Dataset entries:
※ ※ ※
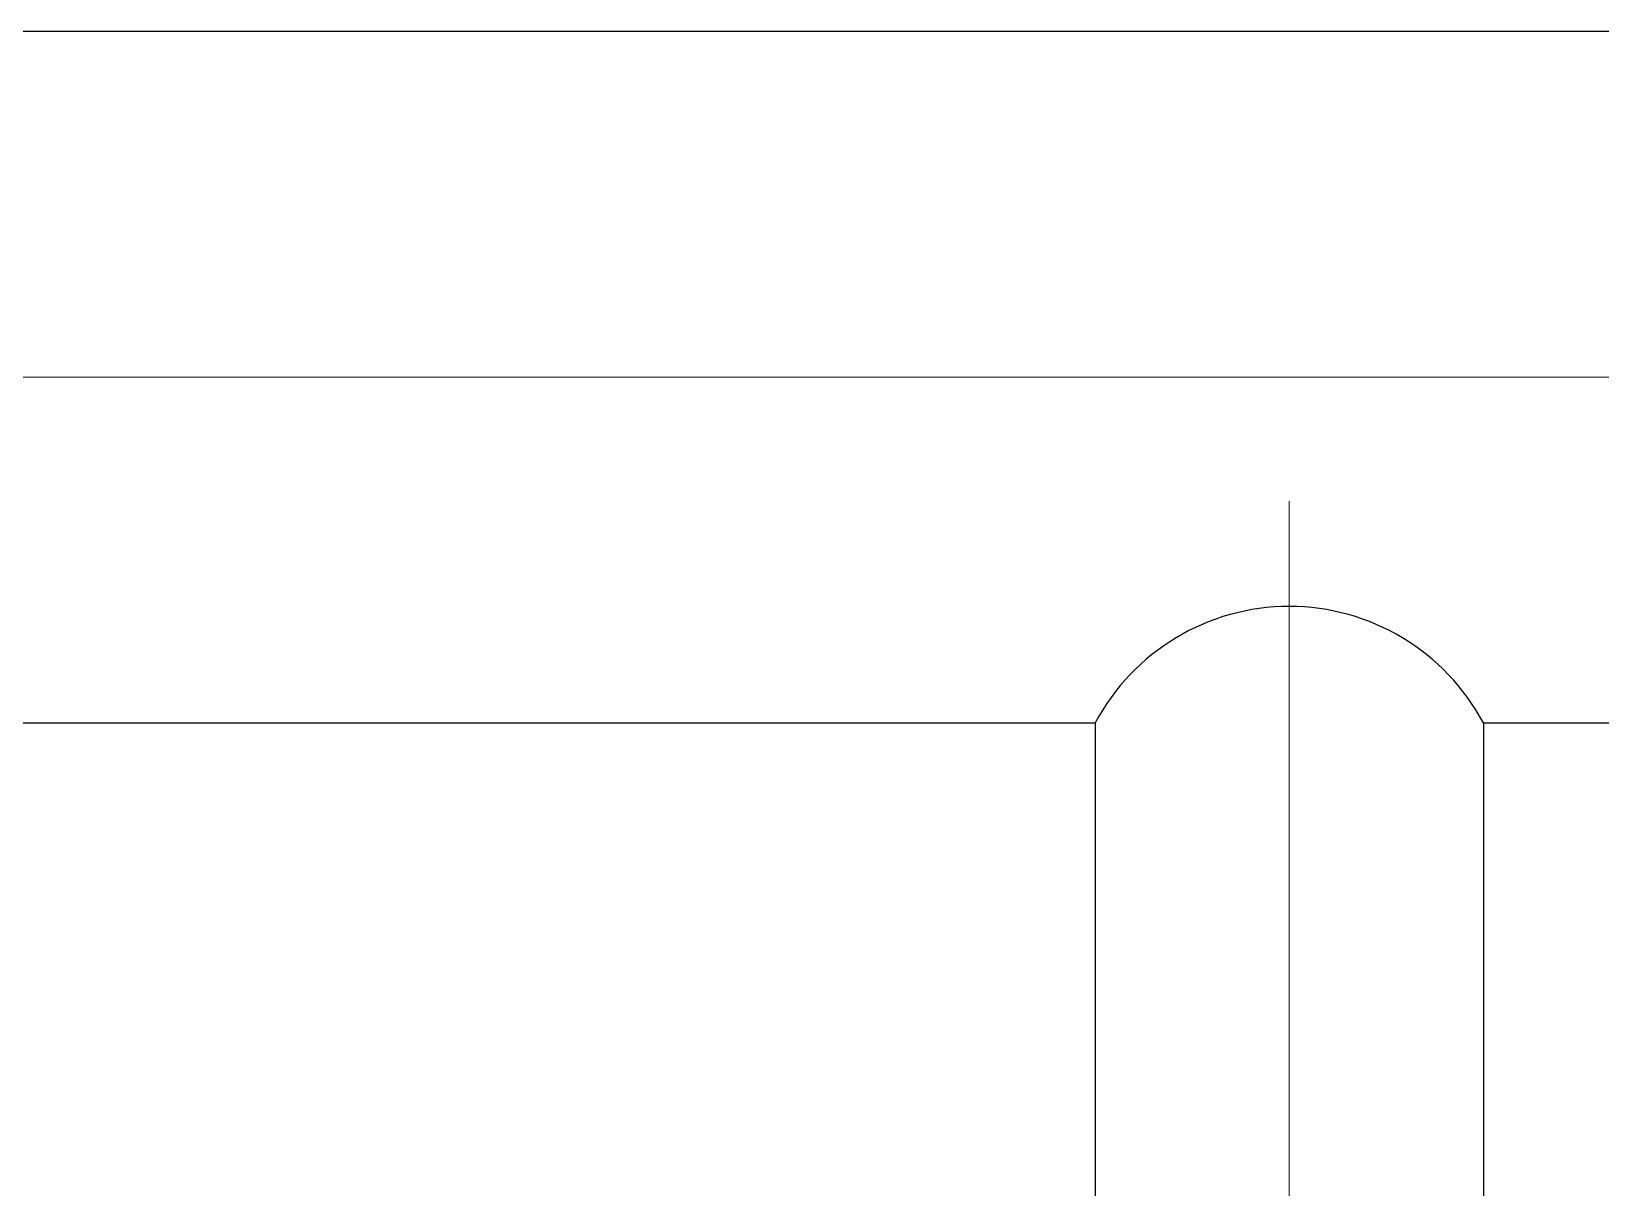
# Model space of a CAD drawing. Header units: millimetres. Extents: x -718 to 68664, y -49984 to -979.
# Drawn here: x 10933 to 12226, y -22743 to -21790 of the extents above; entities that cross this region are included whole.
import ezdxf

# ---------------------------------------------------------------- set-up
doc = ezdxf.new("R2010")
doc.units = ezdxf.units.MM
doc.layers.add('Text', color=7, linetype='Continuous', lineweight=15)
doc.layers.add('ХВС (В1)_20', color=5, linetype='Continuous', lineweight=25)

msp = doc.modelspace()

# ---------------------------------------------------------------- linework, layer by layer
at = {"layer": 'Text', "lineweight": 0, "ltscale": 10}
msp.add_line((5529.6, -22075.4), (16715.4, -22075.4), dxfattribs=at)
at = {"layer": 'Text'}
msp.add_line((11969.6, -22177.7), (11969.6, -25764.9), dxfattribs=at)
at = {"layer": 'ХВС (В1)_20'}
for p, q in [((16269.6, -21790.4), (5529.6, -21790.4)), ((10794.6, -22360.4), (11809.6, -22360.4)), ((11809.6, -22360.4), (11809.6, -22991.9)), ((12129.6, -22360.4), (12129.6, -22991.9)), ((12129.6, -22360.4), (13109.6, -22360.4))]:
    msp.add_line(p, q, dxfattribs=at)
msp.add_arc((11969.6, -22445.7), 181.3, 28.0514, 151.9486, dxfattribs=at)

doc.saveas('drawing.dxf')
※ ※ ※
§ **TASK REQUIREMENTS**
Copy out every line in the records where the word "ezdxf" is found.

§ **TASK ANSWER**
import ezdxf
doc = ezdxf.new("R2010")
doc.units = ezdxf.units.MM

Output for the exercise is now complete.